Exercise requirements
Output exactly the lines below, starting with the line that has "2、磁石は左右のタイヤの軸（3×6 平行ピン）に取り付け |" and going on through the line that has "- **SPIバス（IMU・エンコーダ用）**: LSM6DSRXTR、AS5047P", both included, and no other lines.
══ Provided information
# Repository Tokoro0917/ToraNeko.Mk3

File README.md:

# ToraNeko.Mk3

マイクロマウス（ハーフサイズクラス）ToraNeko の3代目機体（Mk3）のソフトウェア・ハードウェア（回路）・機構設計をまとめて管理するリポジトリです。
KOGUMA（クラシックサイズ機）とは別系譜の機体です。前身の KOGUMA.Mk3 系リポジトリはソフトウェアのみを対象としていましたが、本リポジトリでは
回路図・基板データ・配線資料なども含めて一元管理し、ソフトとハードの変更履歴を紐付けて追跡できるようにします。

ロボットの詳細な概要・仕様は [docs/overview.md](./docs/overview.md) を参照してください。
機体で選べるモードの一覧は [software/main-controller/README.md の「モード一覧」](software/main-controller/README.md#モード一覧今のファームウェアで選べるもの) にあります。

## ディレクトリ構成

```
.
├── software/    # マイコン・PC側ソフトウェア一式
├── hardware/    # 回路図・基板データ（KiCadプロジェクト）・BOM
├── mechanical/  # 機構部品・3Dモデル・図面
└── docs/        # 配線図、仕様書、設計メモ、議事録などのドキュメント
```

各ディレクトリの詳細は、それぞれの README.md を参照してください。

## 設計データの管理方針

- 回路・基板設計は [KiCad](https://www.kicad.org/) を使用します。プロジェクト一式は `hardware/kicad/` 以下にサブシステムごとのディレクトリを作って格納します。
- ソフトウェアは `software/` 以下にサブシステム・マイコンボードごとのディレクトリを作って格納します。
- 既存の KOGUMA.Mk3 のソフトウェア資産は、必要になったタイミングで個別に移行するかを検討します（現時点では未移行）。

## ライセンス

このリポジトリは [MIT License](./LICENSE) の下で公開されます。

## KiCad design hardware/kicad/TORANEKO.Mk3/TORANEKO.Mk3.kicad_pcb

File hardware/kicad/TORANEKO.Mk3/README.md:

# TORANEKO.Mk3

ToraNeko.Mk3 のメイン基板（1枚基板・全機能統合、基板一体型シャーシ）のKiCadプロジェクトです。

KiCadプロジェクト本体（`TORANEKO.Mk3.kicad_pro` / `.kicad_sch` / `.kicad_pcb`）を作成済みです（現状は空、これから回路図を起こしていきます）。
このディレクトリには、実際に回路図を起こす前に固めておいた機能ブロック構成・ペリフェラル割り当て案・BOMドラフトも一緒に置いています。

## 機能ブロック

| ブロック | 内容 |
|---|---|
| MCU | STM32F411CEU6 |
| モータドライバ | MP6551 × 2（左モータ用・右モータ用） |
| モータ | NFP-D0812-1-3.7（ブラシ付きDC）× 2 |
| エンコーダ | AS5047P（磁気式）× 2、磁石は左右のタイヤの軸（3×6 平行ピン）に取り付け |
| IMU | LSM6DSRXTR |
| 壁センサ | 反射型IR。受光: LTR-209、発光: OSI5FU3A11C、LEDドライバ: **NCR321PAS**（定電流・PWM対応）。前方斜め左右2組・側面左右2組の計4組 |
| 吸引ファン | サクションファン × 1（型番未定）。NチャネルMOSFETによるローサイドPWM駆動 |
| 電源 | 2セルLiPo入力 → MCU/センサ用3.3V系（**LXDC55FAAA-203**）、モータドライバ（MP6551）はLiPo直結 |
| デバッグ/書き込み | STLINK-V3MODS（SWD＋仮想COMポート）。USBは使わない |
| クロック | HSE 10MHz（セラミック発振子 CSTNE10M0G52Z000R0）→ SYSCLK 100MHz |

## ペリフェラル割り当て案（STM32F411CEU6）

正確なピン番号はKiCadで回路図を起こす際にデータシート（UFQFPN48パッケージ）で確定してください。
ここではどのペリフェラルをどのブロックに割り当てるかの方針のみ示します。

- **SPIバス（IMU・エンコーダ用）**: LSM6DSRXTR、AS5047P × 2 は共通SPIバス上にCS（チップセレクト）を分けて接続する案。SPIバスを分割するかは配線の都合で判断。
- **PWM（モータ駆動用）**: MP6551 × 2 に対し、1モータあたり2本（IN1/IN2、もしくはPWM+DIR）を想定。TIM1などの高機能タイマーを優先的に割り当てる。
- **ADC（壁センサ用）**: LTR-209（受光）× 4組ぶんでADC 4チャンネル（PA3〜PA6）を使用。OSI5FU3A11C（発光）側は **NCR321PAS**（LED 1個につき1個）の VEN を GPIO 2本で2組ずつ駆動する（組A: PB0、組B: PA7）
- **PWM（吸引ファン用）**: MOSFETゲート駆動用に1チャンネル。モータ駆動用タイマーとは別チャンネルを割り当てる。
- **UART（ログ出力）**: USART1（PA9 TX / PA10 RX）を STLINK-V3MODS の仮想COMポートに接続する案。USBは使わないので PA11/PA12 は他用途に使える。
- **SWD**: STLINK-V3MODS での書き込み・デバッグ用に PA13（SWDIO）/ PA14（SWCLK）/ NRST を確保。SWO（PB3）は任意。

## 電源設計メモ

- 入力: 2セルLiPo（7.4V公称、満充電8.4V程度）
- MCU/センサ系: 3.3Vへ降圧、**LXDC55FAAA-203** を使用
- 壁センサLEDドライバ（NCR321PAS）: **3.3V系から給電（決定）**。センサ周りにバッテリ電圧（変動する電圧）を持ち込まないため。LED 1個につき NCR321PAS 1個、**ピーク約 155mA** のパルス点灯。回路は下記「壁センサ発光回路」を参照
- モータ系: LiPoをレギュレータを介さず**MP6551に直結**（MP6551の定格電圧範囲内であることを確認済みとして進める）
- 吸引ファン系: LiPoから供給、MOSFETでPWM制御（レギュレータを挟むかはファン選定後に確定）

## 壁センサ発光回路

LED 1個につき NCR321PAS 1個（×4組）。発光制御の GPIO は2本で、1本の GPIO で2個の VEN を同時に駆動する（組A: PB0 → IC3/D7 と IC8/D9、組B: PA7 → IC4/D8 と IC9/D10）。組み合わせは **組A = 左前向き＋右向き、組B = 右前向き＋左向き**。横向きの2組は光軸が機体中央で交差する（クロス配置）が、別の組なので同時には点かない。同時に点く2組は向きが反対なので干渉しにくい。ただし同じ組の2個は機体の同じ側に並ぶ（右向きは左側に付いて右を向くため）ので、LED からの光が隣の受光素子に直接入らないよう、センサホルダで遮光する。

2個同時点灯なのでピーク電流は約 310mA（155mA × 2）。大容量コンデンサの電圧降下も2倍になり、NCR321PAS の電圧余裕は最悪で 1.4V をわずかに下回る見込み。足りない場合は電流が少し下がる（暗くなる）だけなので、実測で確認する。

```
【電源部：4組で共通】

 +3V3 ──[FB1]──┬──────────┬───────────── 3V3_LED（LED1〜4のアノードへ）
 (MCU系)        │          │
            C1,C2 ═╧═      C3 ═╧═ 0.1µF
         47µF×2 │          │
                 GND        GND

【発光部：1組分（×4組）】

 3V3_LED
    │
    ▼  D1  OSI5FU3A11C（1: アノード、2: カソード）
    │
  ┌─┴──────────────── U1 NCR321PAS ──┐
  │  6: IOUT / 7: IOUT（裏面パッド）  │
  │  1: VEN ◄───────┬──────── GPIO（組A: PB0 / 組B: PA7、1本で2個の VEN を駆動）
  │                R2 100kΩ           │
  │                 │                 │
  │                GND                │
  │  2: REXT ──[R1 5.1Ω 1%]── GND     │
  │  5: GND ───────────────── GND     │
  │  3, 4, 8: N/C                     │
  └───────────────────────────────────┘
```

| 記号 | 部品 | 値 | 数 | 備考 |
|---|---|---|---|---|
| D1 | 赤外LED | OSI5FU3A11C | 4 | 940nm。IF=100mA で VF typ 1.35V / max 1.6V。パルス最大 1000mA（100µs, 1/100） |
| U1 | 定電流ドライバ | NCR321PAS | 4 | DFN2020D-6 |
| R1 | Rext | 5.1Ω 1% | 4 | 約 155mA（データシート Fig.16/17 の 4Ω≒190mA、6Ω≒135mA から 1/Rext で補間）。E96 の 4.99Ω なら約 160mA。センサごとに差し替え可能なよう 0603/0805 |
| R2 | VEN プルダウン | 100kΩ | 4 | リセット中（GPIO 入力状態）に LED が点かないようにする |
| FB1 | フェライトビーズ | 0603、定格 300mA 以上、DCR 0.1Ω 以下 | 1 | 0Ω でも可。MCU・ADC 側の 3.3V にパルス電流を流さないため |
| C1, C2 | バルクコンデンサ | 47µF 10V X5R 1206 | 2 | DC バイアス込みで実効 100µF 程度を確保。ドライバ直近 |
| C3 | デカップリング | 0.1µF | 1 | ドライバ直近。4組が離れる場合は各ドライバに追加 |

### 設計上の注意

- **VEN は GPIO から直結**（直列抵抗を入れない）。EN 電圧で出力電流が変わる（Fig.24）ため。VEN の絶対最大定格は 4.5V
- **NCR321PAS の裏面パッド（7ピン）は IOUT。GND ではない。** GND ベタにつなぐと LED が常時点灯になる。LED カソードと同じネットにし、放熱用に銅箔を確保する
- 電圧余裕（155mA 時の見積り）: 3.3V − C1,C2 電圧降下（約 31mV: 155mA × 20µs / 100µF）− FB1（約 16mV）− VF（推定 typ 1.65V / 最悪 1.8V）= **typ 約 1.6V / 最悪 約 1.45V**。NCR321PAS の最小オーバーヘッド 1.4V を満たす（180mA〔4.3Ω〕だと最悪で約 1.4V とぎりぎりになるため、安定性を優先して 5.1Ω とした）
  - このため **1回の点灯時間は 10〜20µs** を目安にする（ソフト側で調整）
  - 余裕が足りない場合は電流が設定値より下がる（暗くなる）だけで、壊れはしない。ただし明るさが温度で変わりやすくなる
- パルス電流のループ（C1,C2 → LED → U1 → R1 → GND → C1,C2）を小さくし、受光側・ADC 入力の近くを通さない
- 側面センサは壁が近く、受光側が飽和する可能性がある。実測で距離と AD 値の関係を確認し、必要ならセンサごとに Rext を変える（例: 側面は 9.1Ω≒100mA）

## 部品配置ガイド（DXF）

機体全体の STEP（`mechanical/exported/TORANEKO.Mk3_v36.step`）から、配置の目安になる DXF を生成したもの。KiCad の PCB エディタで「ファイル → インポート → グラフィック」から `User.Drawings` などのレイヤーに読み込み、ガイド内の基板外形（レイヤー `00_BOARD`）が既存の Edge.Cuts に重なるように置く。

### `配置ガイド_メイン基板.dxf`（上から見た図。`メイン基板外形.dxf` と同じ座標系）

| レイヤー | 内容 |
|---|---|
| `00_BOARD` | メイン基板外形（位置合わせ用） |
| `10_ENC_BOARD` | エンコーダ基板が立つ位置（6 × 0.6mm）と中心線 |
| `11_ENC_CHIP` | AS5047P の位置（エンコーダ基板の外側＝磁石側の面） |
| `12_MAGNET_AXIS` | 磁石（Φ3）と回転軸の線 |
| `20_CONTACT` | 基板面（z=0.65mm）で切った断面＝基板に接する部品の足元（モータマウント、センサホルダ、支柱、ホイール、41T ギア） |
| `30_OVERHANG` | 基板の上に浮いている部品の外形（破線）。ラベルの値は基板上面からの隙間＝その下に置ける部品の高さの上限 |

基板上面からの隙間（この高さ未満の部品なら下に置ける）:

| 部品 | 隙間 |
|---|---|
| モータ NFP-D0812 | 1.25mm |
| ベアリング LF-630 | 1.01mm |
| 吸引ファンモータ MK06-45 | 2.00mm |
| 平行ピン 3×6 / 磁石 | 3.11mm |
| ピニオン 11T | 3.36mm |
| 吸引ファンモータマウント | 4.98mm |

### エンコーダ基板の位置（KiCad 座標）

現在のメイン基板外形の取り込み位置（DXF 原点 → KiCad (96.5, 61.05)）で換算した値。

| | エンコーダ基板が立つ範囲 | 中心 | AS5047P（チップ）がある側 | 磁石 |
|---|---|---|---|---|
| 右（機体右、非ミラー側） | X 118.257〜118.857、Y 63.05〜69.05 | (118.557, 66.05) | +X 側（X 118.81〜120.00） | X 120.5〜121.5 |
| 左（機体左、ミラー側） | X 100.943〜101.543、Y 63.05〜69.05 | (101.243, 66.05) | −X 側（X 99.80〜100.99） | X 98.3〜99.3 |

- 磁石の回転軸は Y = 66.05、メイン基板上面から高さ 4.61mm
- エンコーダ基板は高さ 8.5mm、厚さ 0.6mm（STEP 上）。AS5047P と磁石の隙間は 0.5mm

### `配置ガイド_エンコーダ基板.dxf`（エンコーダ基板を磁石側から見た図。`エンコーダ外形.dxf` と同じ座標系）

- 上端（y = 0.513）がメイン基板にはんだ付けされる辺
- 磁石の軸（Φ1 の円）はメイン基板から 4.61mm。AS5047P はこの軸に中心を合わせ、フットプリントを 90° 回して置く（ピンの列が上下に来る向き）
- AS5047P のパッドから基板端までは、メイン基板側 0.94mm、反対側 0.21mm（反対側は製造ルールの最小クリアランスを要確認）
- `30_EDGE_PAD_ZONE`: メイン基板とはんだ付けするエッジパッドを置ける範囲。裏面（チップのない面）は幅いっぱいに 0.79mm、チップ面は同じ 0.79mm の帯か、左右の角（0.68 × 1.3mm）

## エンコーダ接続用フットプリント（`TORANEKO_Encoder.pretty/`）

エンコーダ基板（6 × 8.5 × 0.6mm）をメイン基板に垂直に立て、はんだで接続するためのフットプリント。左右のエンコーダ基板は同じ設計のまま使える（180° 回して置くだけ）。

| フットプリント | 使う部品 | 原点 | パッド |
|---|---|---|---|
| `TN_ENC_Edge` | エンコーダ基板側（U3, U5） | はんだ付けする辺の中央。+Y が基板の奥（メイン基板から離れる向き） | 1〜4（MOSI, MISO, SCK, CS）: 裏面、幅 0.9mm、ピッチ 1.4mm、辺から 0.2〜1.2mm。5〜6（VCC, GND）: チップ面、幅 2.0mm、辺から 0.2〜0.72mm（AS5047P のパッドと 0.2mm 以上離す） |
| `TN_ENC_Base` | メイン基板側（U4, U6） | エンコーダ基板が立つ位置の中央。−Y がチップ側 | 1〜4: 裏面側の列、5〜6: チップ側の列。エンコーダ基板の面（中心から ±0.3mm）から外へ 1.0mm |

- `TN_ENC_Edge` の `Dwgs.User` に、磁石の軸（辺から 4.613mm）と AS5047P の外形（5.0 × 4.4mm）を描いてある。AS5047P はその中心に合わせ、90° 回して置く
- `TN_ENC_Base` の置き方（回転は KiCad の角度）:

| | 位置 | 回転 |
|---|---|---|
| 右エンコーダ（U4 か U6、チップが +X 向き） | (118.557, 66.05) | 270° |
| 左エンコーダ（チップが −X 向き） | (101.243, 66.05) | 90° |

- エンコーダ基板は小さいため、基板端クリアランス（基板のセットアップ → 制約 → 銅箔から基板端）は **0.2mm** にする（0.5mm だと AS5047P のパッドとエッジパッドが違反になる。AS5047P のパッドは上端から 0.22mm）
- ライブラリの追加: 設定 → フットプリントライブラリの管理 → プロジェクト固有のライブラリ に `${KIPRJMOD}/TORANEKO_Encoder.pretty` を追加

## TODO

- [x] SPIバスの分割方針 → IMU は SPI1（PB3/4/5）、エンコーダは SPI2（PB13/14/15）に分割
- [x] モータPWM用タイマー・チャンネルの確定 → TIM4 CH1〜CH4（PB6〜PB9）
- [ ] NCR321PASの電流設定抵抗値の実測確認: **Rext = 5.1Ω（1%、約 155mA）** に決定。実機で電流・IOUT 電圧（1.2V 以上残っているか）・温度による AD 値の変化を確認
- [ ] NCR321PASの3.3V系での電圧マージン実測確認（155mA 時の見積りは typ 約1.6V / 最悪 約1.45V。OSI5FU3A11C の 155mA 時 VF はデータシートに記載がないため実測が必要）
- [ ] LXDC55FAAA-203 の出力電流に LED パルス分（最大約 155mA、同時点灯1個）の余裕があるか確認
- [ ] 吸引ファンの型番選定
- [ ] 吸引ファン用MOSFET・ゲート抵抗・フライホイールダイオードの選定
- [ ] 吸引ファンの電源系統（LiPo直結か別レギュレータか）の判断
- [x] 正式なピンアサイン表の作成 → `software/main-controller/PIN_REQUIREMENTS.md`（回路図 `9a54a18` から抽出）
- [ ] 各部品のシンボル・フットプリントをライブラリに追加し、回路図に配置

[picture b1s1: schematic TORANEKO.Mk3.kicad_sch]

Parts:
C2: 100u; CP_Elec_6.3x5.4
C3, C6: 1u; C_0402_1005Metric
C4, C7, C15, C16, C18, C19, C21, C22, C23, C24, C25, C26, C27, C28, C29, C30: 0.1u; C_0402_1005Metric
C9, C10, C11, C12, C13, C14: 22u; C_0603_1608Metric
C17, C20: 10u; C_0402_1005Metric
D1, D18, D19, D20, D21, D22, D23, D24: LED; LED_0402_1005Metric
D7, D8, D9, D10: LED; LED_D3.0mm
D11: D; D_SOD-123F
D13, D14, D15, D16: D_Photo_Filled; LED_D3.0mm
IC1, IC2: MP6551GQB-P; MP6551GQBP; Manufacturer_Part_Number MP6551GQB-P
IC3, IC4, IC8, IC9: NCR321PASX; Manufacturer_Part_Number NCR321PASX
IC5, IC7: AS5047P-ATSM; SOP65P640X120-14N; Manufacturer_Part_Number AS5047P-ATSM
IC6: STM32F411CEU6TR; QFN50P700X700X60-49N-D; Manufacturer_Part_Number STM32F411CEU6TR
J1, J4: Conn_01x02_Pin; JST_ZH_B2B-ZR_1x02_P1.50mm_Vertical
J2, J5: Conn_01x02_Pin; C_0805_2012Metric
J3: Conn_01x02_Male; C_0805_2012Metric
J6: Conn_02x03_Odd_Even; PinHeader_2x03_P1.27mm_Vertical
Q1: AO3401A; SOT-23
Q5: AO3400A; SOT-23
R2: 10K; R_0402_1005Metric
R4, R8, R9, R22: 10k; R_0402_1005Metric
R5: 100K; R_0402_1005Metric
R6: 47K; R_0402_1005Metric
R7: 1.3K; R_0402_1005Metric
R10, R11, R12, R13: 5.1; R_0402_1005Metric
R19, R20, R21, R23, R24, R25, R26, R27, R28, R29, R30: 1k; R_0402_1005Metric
════
Exercise response
| エンコーダ | AS5047P（磁気式）× 2、磁石は左右のタイヤの軸（3×6 平行ピン）に取り付け |
| IMU | LSM6DSRXTR |
| 壁センサ | 反射型IR。受光: LTR-209、発光: OSI5FU3A11C、LEDドライバ: **NCR321PAS**（定電流・PWM対応）。前方斜め左右2組・側面左右2組の計4組 |
| 吸引ファン | サクションファン × 1（型番未定）。NチャネルMOSFETによるローサイドPWM駆動 |
| 電源 | 2セルLiPo入力 → MCU/センサ用3.3V系（**LXDC55FAAA-203**）、モータドライバ（MP6551）はLiPo直結 |
| デバッグ/書き込み | STLINK-V3MODS（SWD＋仮想COMポート）。USBは使わない |
| クロック | HSE 10MHz（セラミック発振子 CSTNE10M0G52Z000R0）→ SYSCLK 100MHz |

## ペリフェラル割り当て案（STM32F411CEU6）

正確なピン番号はKiCadで回路図を起こす際にデータシート（UFQFPN48パッケージ）で確定してください。
ここではどのペリフェラルをどのブロックに割り当てるかの方針のみ示します。

- **SPIバス（IMU・エンコーダ用）**: LSM6DSRXTR、AS5047P × 2 は共通SPIバス上にCS（チップセレクト）を分けて接続する案。SPIバスを分割するかは配線の都合で判断。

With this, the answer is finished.